What you should do = Write the entries below again, precisely as they appear.

Supplied data =

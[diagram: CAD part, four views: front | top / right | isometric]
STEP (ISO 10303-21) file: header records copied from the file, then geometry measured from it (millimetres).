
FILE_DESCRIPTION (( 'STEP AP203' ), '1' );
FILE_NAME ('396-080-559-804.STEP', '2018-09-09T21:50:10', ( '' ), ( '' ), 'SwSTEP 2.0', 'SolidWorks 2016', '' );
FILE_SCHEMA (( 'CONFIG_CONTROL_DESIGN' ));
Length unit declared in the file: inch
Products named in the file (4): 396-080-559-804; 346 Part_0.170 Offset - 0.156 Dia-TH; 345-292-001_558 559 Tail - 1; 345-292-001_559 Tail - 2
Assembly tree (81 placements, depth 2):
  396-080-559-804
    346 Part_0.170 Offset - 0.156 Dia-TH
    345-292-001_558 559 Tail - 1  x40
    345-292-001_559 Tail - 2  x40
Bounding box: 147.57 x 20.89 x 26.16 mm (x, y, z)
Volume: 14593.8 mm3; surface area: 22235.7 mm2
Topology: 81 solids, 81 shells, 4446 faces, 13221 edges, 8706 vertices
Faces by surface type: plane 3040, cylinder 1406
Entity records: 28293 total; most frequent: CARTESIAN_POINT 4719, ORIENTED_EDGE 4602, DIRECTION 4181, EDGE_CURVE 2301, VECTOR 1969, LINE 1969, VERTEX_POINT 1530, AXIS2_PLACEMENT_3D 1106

Answer for the task =
[diagram: CAD part, four views: front | top / right | isometric]
STEP (ISO 10303-21) file: header records copied from the file, then geometry measured from it (millimetres).
FILE_DESCRIPTION (( 'STEP AP203' ), '1' );
FILE_NAME ('396-080-559-804.STEP', '2018-09-09T21:50:10', ( '' ), ( '' ), 'SwSTEP 2.0', 'SolidWorks 2016', '' );
FILE_SCHEMA (( 'CONFIG_CONTROL_DESIGN' ));
Length unit declared in the file: inch
Products named in the file (4): 396-080-559-804; 346 Part_0.170 Offset - 0.156 Dia-TH; 345-292-001_558 559 Tail - 1; 345-292-001_559 Tail - 2
Assembly tree (81 placements, depth 2):
  396-080-559-804
    346 Part_0.170 Offset - 0.156 Dia-TH
    345-292-001_558 559 Tail - 1  x40
    345-292-001_559 Tail - 2  x40
Bounding box: 147.57 x 20.89 x 26.16 mm (x, y, z)
Volume: 14593.8 mm3; surface area: 22235.7 mm2
Topology: 81 solids, 81 shells, 4446 faces, 13221 edges, 8706 vertices
Faces by surface type: plane 3040, cylinder 1406
Entity records: 28293 total; most frequent: CARTESIAN_POINT 4719, ORIENTED_EDGE 4602, DIRECTION 4181, EDGE_CURVE 2301, VECTOR 1969, LINE 1969, VERTEX_POINT 1530, AXIS2_PLACEMENT_3D 1106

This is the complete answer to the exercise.